WHAT TO DO → Please transcribe the data below in full. Omit any picture you find in it.

[Collection entries]
----

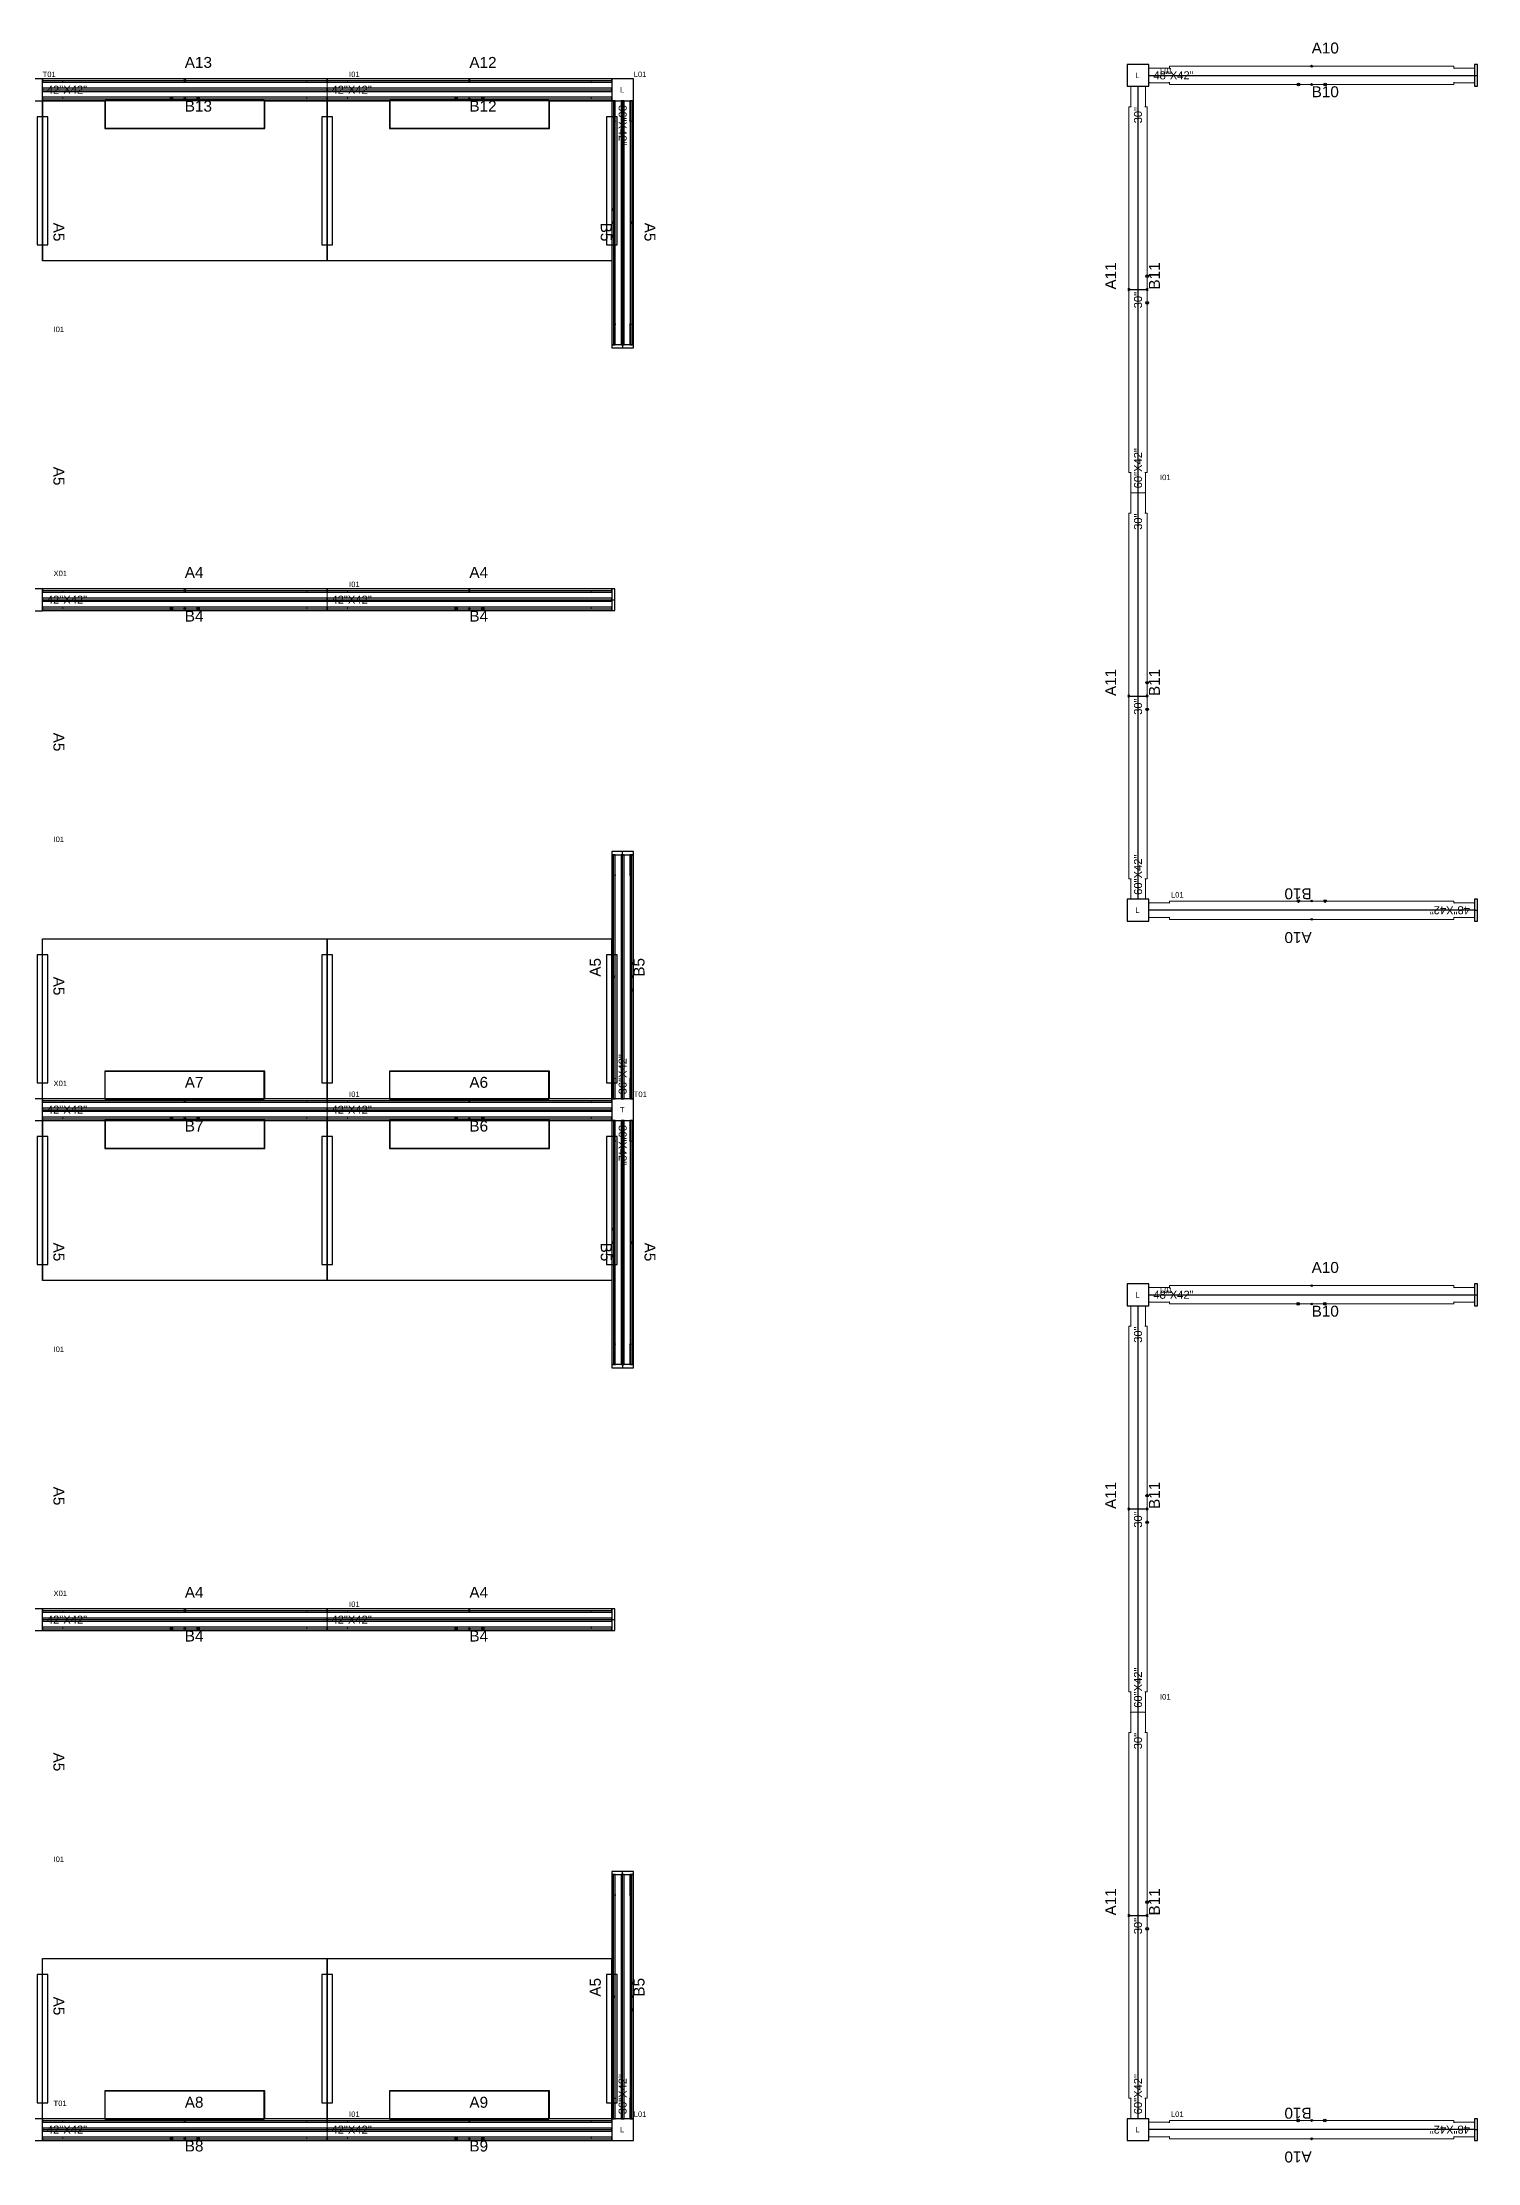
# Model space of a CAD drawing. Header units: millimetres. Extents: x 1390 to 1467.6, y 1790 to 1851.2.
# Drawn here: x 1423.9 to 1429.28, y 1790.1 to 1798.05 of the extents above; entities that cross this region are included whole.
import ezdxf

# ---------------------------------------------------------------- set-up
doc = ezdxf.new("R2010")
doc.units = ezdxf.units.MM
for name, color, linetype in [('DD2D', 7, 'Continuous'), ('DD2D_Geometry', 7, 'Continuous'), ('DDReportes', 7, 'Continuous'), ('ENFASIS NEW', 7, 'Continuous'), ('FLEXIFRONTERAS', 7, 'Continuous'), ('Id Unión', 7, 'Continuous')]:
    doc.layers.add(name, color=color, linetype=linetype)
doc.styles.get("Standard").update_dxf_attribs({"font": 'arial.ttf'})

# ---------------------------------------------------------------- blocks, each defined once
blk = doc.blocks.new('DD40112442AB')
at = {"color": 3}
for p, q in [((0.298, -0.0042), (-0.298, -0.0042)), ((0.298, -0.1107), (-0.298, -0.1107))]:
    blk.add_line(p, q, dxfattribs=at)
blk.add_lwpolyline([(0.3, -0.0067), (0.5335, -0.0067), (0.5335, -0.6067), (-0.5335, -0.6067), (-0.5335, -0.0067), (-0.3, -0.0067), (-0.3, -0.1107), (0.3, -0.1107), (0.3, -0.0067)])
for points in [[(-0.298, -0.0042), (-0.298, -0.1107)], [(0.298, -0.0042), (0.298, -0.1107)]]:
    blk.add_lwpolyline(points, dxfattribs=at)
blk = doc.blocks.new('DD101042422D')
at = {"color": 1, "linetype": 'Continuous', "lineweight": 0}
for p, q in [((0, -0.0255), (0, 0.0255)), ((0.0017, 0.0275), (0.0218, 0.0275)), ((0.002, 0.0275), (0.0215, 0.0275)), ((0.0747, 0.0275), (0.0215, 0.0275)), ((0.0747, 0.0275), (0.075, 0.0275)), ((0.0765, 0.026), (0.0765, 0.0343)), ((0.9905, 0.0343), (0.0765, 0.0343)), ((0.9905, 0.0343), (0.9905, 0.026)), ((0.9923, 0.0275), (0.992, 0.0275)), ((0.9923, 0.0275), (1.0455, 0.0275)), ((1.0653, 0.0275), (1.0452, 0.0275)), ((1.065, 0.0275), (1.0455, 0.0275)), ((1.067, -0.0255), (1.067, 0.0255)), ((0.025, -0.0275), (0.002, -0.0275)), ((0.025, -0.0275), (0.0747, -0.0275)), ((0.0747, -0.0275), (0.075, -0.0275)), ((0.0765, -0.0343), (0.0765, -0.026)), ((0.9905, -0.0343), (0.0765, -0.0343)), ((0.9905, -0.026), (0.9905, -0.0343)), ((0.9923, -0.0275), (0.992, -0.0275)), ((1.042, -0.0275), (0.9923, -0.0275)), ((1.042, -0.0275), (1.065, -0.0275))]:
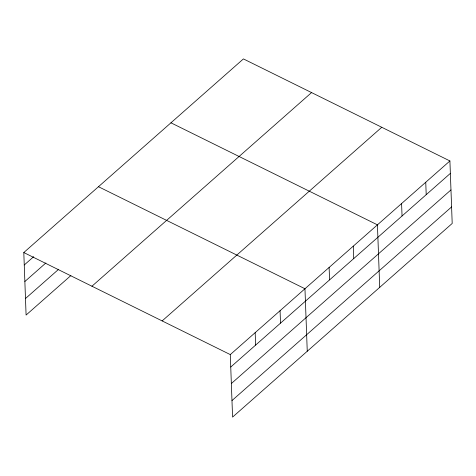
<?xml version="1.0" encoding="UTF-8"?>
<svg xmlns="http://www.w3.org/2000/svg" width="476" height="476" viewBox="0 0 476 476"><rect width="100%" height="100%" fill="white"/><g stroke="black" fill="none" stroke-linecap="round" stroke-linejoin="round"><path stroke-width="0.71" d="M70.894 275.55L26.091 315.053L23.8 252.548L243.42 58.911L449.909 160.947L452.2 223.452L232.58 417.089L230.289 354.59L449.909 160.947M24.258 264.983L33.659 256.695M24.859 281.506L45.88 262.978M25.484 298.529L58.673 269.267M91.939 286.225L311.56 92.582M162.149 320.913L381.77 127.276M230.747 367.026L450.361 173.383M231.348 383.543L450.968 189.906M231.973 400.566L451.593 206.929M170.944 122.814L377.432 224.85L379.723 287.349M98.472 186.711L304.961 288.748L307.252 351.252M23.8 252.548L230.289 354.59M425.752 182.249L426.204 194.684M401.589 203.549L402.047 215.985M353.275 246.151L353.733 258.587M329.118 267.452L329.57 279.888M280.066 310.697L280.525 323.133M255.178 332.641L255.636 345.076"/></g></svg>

----

EXPECTED ANSWER →
# Model space of a CAD drawing. Header units: millimetres. Extents: x 1390 to 1467.6, y 1790 to 1851.2.
# Drawn here: x 1423.9 to 1429.28, y 1790.1 to 1798.05 of the extents above; entities that cross this region are included whole.
import ezdxf

# ---------------------------------------------------------------- set-up
doc = ezdxf.new("R2010")
doc.units = ezdxf.units.MM
for name, color, linetype in [('DD2D', 7, 'Continuous'), ('DD2D_Geometry', 7, 'Continuous'), ('DDReportes', 7, 'Continuous'), ('ENFASIS NEW', 7, 'Continuous'), ('FLEXIFRONTERAS', 7, 'Continuous'), ('Id Unión', 7, 'Continuous')]:
    doc.layers.add(name, color=color, linetype=linetype)
doc.styles.get("Standard").update_dxf_attribs({"font": 'arial.ttf'})

# ---------------------------------------------------------------- blocks, each defined once
blk = doc.blocks.new('DD40112442AB')
at = {"color": 3}
for p, q in [((0.298, -0.0042), (-0.298, -0.0042)), ((0.298, -0.1107), (-0.298, -0.1107))]:
    blk.add_line(p, q, dxfattribs=at)
blk.add_lwpolyline([(0.3, -0.0067), (0.5335, -0.0067), (0.5335, -0.6067), (-0.5335, -0.6067), (-0.5335, -0.0067), (-0.3, -0.0067), (-0.3, -0.1107), (0.3, -0.1107), (0.3, -0.0067)])
for points in [[(-0.298, -0.0042), (-0.298, -0.1107)], [(0.298, -0.0042), (0.298, -0.1107)]]:
    blk.add_lwpolyline(points, dxfattribs=at)
blk = doc.blocks.new('DD101042422D')
at = {"color": 1, "linetype": 'Continuous', "lineweight": 0}
for p, q in [((0, -0.0255), (0, 0.0255)), ((0.0017, 0.0275), (0.0218, 0.0275)), ((0.002, 0.0275), (0.0215, 0.0275)), ((0.0747, 0.0275), (0.0215, 0.0275)), ((0.0747, 0.0275), (0.075, 0.0275)), ((0.0765, 0.026), (0.0765, 0.0343)), ((0.9905, 0.0343), (0.0765, 0.0343)), ((0.9905, 0.0343), (0.9905, 0.026)), ((0.9923, 0.0275), (0.992, 0.0275)), ((0.9923, 0.0275), (1.0455, 0.0275)), ((1.0653, 0.0275), (1.0452, 0.0275)), ((1.065, 0.0275), (1.0455, 0.0275)), ((1.067, -0.0255), (1.067, 0.0255)), ((0.025, -0.0275), (0.002, -0.0275)), ((0.025, -0.0275), (0.0747, -0.0275)), ((0.0747, -0.0275), (0.075, -0.0275)), ((0.0765, -0.0343), (0.0765, -0.026)), ((0.9905, -0.0343), (0.0765, -0.0343)), ((0.9905, -0.026), (0.9905, -0.0343)), ((0.9923, -0.0275), (0.992, -0.0275)), ((1.042, -0.0275), (0.9923, -0.0275)), ((1.042, -0.0275), (1.065, -0.0275))]:
<?xml version="1.0" encoding="UTF-8"?>
<svg xmlns="http://www.w3.org/2000/svg" width="476" height="476" viewBox="0 0 476 476"><rect width="100%" height="100%" fill="white"/><g stroke="black" fill="none" stroke-linecap="round" stroke-linejoin="round"><path stroke-width="0.71" d="M70.894 275.55L26.091 315.053L23.8 252.548L243.42 58.911L449.909 160.947L452.2 223.452L232.58 417.089L230.289 354.59L449.909 160.947M24.258 264.983L33.659 256.695M24.859 281.506L45.88 262.978M25.484 298.529L58.673 269.267M91.939 286.225L311.56 92.582M162.149 320.913L381.77 127.276M230.747 367.026L450.361 173.383M231.348 383.543L450.968 189.906M231.973 400.566L451.593 206.929M170.944 122.814L377.432 224.85L379.723 287.349M98.472 186.711L304.961 288.748L307.252 351.252M23.8 252.548L230.289 354.59M425.752 182.249L426.204 194.684M401.589 203.549L402.047 215.985M353.275 246.151L353.733 258.587M329.118 267.452L329.57 279.888M280.066 310.697L280.525 323.133M255.178 332.641L255.636 345.076"/></g></svg>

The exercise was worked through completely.